Par suite, le préfet est fondé à soutenir que c’est à tort que les premiers juges ont annulé la décision fixant le pays de destination et lui faisant injonction de réexaminer la situation de M. X. en ce qui concerne le pays de destination dans un délai de 2 mois après la notification du jugement. Vous annulerez donc le jugement du tribunal administratif de Dijon en tant qu’il a annulé cette décision fixant le pays de destination et a fait injonction au préfet de réexaminer la situation de M. X. en ce qui concerne le pays de destination dans un délai de 2 mois après la notification du jugement.
Pour la décision portant interdiction de retour sur le territoire, nous vous signalons que M. X. ne présente aucun moyen à l’encontre de cette décision, vous pourrez là encore sans difficultés rejeter ses conclusions à fin d’annulation de cette décision.
Si vous nous avez suivi, ceci vous conduira donc à rejeter l’ensemble des conclusions de M. X. à fin d’annulation et d’injonction et à faire droit aux conclusions du préfet à fin d’annulation du jugement en tant qu’il a annulé sa décision fixant le pays de destination et lui a fait injonction de procéder au réexamen de la situation de M. X. en ce qui concerne le pays de destination.
M. X. étant la partie perdante, ses conclusions formulées au titre de l’article L. 761-1 du code de justice administrative ne peuvent qu’être rejetées.

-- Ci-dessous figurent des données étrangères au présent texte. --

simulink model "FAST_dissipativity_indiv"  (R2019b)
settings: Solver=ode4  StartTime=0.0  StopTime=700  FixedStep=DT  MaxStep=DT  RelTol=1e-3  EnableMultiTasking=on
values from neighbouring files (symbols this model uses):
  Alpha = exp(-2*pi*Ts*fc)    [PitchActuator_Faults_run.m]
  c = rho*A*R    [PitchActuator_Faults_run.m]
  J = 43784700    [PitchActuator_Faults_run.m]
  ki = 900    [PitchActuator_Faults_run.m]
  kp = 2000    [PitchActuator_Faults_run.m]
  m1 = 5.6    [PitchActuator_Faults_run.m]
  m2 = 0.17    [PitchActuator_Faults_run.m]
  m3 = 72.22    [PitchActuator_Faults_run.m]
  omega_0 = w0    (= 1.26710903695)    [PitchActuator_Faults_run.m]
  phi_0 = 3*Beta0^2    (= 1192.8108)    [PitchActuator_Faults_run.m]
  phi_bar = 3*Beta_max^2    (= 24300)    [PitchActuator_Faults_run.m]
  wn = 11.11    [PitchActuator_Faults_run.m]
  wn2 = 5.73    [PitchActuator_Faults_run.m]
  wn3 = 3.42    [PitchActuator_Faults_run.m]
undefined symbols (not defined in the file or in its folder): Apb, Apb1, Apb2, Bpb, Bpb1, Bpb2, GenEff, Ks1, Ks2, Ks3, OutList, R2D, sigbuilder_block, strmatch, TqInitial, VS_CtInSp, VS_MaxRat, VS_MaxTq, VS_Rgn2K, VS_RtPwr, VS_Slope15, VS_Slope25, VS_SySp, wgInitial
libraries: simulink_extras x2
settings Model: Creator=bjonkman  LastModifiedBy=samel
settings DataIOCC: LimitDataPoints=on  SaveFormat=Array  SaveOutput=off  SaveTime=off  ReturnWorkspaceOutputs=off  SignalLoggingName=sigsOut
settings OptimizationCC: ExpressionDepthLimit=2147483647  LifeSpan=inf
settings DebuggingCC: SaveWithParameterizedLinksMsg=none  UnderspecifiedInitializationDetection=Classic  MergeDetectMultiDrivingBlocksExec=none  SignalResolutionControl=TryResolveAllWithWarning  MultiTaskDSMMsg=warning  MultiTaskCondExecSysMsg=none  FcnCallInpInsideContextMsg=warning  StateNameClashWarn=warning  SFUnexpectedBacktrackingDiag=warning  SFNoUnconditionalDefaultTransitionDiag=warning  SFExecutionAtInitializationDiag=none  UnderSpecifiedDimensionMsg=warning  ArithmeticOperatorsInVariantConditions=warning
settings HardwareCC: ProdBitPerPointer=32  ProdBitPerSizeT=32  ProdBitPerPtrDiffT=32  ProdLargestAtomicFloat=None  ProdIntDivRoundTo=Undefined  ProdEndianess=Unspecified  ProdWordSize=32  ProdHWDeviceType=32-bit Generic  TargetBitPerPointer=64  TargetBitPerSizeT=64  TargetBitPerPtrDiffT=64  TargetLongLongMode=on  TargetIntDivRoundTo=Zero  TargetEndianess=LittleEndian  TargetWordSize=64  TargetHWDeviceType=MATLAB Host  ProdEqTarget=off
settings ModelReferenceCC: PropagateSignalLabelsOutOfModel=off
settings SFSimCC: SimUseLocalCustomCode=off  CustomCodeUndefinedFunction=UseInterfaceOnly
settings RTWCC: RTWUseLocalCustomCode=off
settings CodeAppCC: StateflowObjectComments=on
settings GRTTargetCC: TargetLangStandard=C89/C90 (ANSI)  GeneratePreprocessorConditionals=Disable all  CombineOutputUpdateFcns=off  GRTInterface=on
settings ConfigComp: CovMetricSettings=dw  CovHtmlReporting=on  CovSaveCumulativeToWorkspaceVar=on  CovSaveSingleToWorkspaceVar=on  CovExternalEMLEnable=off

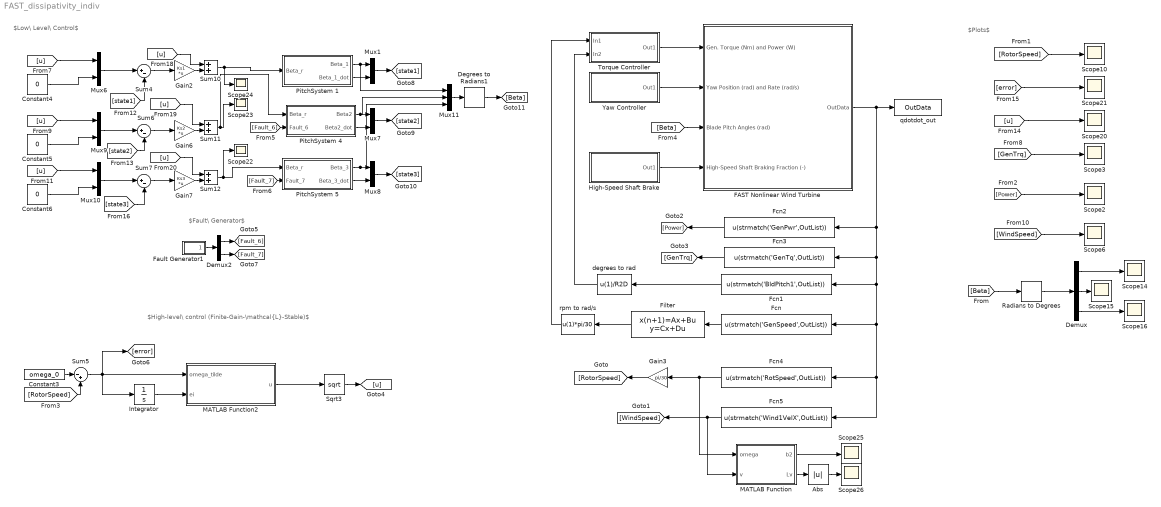
== system FAST_dissipativity_indiv ==
  note: $Plots$
  note: $Low\ Level\ Control$
  note: $Fault\ Generator$
  note: $High-level\ control (Finite-Gain-\mathcal{L}-Stable)$
  Abs : Abs
  Constant3 : Constant  Value=omega_0
  Constant4 : Constant  Value=0
  Constant5 : Constant  Value=0
  Constant6 : Constant  Value=0
  Degrees to Radians1 : simulink_extras/Transformations/Degrees to Radians
  Demux : Demux  Outputs=3
  Demux2 : Demux  Outputs=2
  FAST Nonlinear Wind Turbine : Subsystem  mask(FAST Nonlinear Wind Turbine){}
      mask help: This block contains the FAST S-Function.
      mask init:
      | clear FAST_SFunc
  Fault Generator1 : Subsystem
  Fcn : Fcn  Expr=u(strmatch('GenSpeed',OutList))
  Fcn1 : Fcn  Expr=u(strmatch('BldPitch1',OutList))
  Fcn2 : Fcn  Expr=u(strmatch('GenPwr',OutList))
  Fcn3 : Fcn  Expr=u(strmatch('GenTq',OutList))
  Fcn4 : Fcn  Expr=u(strmatch('RotSpeed',OutList))
  Fcn5 : Fcn  Expr=u(strmatch('Wind1VelX',OutList))
  Filter : DiscreteStateSpace  A=Alpha  B=1 - Alpha  C=Alpha  D=1 - Alpha  InitialCondition=wgInitial  SampleTime=-1
  Gain2 : Gain  Gain=Ks1  Multiplication=Matrix(K*u) (u vector)
  Gain3 : Gain  Gain=pi/30
  Gain6 : Gain  Gain=Ks2  Multiplication=Matrix(K*u) (u vector)
  Gain7 : Gain  Gain=Ks3  Multiplication=Matrix(K*u) (u vector)
  High-Speed Shaft Brake : Subsystem
  Integrator : Integrator
  MATLAB Function : MATLAB Function  TreatAsAtomicUnit=on
  MATLAB Function2 : MATLAB Function  TreatAsAtomicUnit=on
  Mux{1,6..10} (6 alike) : Mux  Inputs=2
  Mux11 : Mux  Inputs=3
  PitchSystem 1 : Subsystem
  PitchSystem 4 : Subsystem
  PitchSystem 5 : Subsystem
  Radians to Degrees : simulink_extras/Transformations/Radians to Degrees
  Scope{2..3,6,10,14..16,20..26} (14 alike) : Scope
  Sqrt3 : Sqrt  SaturateOnIntegerOverflow=on
  Sum10 : Sum
  Sum11 : Sum
  Sum12 : Sum
  Sum4 : Sum  Inputs=|+-
  Sum5 : Sum  Inputs=|-+
  Sum6 : Sum  Inputs=|+-
  Sum7 : Sum  Inputs=|+-
  Torque Controller : Subsystem
  Yaw Controller : Subsystem
  degrees to rad : Fcn  Expr=u(1)/R2D
  qdotdot_out : ToWorkspace  VariableName=OutData  SampleTime=-1
  rpm to rad/s : Fcn  Expr=u(1)*pi/30
  wires:
  FAST Nonlinear Wind Turbine/1(OutData) -> Fcn3/1, Fcn1/1, Fcn5/1, Fcn4/1, Fcn/1, Fcn2/1, qdotdot_out/1
  Yaw Controller/1(Out1) -> FAST Nonlinear Wind Turbine/2(Yaw Position (rad) and Rate (rad/s))
  High-Speed Shaft Brake/1(Out1) -> FAST Nonlinear Wind Turbine/4(High-Speed Shaft Braking Fraction (-))
  rpm to rad/s/1 -> Torque Controller/1(In1)
  Fcn1/1 -> degrees to rad/1
  degrees to rad/1 -> Torque Controller/2(In2)
  Fcn2/1 -> [Power]
  Fcn/1 -> Filter/1
  Filter/1 -> rpm to rad/s/1
  Fcn5/1 -> [WindSpeed], MATLAB Function/2(v)
  Fcn3/1 -> [GenTrq]
  Fcn4/1 -> MATLAB Function/1(omega), Gain3/1
  [Beta] -> FAST Nonlinear Wind Turbine/3(Blade Pitch Angles (rad))
  Torque Controller/1(Out1) -> FAST Nonlinear Wind Turbine/1(Gen. Torque (Nm) and Power (W))
  Gain3/1 -> [RotorSpeed]
  [Beta] -> Radians to Degrees/1
  Demux/1 -> Scope14/1
  Radians to Degrees/1 -> Demux/1
  Demux/2 -> Scope15/1
  Demux/3 -> Scope16/1
  Sum5/1 -> [error], Integrator/1, MATLAB Function2/1(omega_tilde)
  [RotorSpeed] -> Sum5/2
  MATLAB Function2/1(u) -> Sqrt3/1
  Constant3/1 -> Sum5/1
  Fault Generator1/1(Faults) -> Demux2/1
  [Fault_7] -> PitchSystem 5/2(Fault_7)
  Demux2/1 -> [Fault_6]
  Demux2/2 -> [Fault_7]
  [Fault_6] -> PitchSystem 4/2(Fault_6)
  Constant4/1 -> Mux6/2
  [u] -> Mux6/1
  Mux1/1 -> [state1]
  PitchSystem 1/2(Beta_1_dot) -> Mux1/2
  PitchSystem 1/1("Beta_1 ") -> Mux11/1, Mux1/1
  PitchSystem 4/1("Beta2 ") -> Mux11/2, Mux7/1
  Mux7/1 -> [state2]
  PitchSystem 4/2("Beta2_dot ") -> Mux7/2
  PitchSystem 5/1(Beta_3) -> Mux11/3, Mux8/1
  Mux8/1 -> [state3]
  PitchSystem 5/2(Beta_3_dot) -> Mux8/2
  [u] -> Mux9/1
  Constant5/1 -> Mux9/2
  Constant6/1 -> Mux10/2
  [u] -> Mux10/1
  Mux6/1 -> Sum4/1
  Mux9/1 -> Sum6/1
  Mux10/1 -> Sum7/1
  [state1] -> Sum4/2
  [state2] -> Sum6/2
  [state3] -> Sum7/2
  Gain2/1 -> Sum10/2
  Gain6/1 -> Sum11/2
  Gain7/1 -> Sum12/2
  Sum7/1 -> Gain7/1
  Sum6/1 -> Gain6/1
  Sum4/1 -> Gain2/1
  Sum10/1 -> Scope24/1, PitchSystem 1/1(Beta_r)
  Sum11/1 -> Scope23/1, PitchSystem 4/1(Beta_r)
  Sum12/1 -> Scope22/1, PitchSystem 5/1(Beta_r)
  [u] -> Sum10/1
  [u] -> Sum11/1
  [u] -> Sum12/1
  Degrees to Radians1/1 -> [Beta]
  Mux11/1 -> Degrees to Radians1/1
  Integrator/1 -> MATLAB Function2/2(ei)
  Sqrt3/1 -> [u]
  MATLAB Function/1(b2) -> Scope25/1
  MATLAB Function/2(Lv) -> Abs/1
  Abs/1 -> Scope26/1
  [RotorSpeed] -> Scope10/1
  [Power] -> Scope2/1
  [GenTrq] -> Scope3/1
  [WindSpeed] -> Scope6/1
  [u] -> Scope20/1
  [error] -> Scope21/1

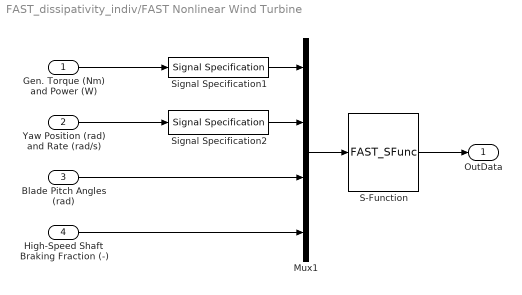
== system FAST_dissipativity_indiv/FAST Nonlinear Wind Turbine ==
  Gen. Torque (Nm) and Power (W) : Inport
  Yaw Position (rad) and Rate (rad/s) : Inport  Port=2
  Blade Pitch Angles (rad) : Inport  Port=3
  High-Speed Shaft Braking Fraction (-) : Inport  Port=4
  Mux1 : Mux
  S-Function : S-Function  FunctionName=FAST_SFunc  Parameters=FAST_InputFileName, TMax, 0  SFunctionDeploymentMode=off  EnableBusSupport=off
  Signal Specification1 : SignalSpecification  OutDataTypeStr=double  Dimensions=2
  Signal Specification2 : SignalSpecification  OutDataTypeStr=double  Dimensions=2
  OutData : Outport  VectorParamsAs1DForOutWhenUnconnected=off
  wires:
  Gen. Torque (Nm) and Power (W)/1 -> Signal Specification1/1
  S-Function/1 -> OutData/1
  Mux1/1 -> S-Function/1
  Blade Pitch Angles (rad)/1 -> Mux1/3
  Yaw Position (rad) and Rate (rad/s)/1 -> Signal Specification2/1
  Signal Specification1/1 -> Mux1/1
  Signal Specification2/1 -> Mux1/2
  High-Speed Shaft Braking Fraction (-)/1 -> Mux1/4

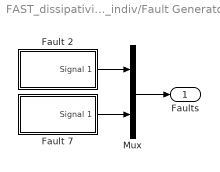
== system FAST_dissipativity_indiv/Fault Generator1 ==
  Fault 2 : Subsystem  Tag=STV Subsys  LoadFcn=sigbuilder_block('load');  StartFcn=sigbuilder_block('start');  StopFcn=sigbuilder_block('stop');  ClipboardFcn=sigbuilder_block('clipboard');  mask(Sigbuilder block){tuvar=[0:10]}
      mask help: Simulink:masks:SigbuilderBlock_MD
      mask init:
      | if ~strcmp(get_param(bdroot(gcbh),'SimulationStatus'),'stopped') tuvar = sigbuilder_block('maskInit'); end
      settings: CopyFcn=sigbuilder_block('copy');  DeleteFcn=sigbuilder_block('delete');  ModelCloseFcn=sigbuilder_block('modelClose');  PreSaveFcn=sigbuilder_block('preSave');  PauseFcn=sigbuilder_block('pause');  ContinueFcn=sigbuilder_block('continue');  NameChangeFcn=sigbuilder_block('namechange');  OpenFcn=sigbuilder_block('open',[232.8 23.4 550.8 400.2 ]);  CloseFcn=sigbuilder_block('close');
      mask Display: plot(0, 0, 100, 100,[2, 2, 32, 32, 2], [68, 8, 8, 68, 68],[32, 2], [38, 38], [32, 19, 2],[53, 60, 44], [32, 17, 17, 2],[16, 16, 31, 31]);txt = getActiveGroup(gcbh);text(2, 100, txt,'verticalAlignment', 'top');
  Fault 7 : Subsystem  Tag=STV Subsys  LoadFcn=sigbuilder_block('load');  StartFcn=sigbuilder_block('start');  StopFcn=sigbuilder_block('stop');  ClipboardFcn=sigbuilder_block('clipboard');  mask(Sigbuilder block){tuvar=[0:10]}
      mask help: Simulink:masks:SigbuilderBlock_MD
      mask init:
      | if ~strcmp(get_param(bdroot(gcbh),'SimulationStatus'),'stopped') tuvar = sigbuilder_block('maskInit'); end
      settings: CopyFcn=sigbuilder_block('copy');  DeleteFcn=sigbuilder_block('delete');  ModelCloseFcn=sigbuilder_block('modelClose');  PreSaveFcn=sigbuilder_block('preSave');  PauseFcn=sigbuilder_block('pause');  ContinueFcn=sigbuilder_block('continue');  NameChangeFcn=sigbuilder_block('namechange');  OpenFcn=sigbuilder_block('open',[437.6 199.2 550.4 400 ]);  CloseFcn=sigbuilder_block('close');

Nous concluons donc, premièrement à l’annulation du jugement du tribunal administratif de Dijon en tant qu’il a annulé la décision fixant le pays de destination et par voie de conséquence l’injonction faite au préfet de réexaminer la situation de M. X. concernant le pays de destination dans un délai de 2 mois, secondement au rejet des conclusions de M. X.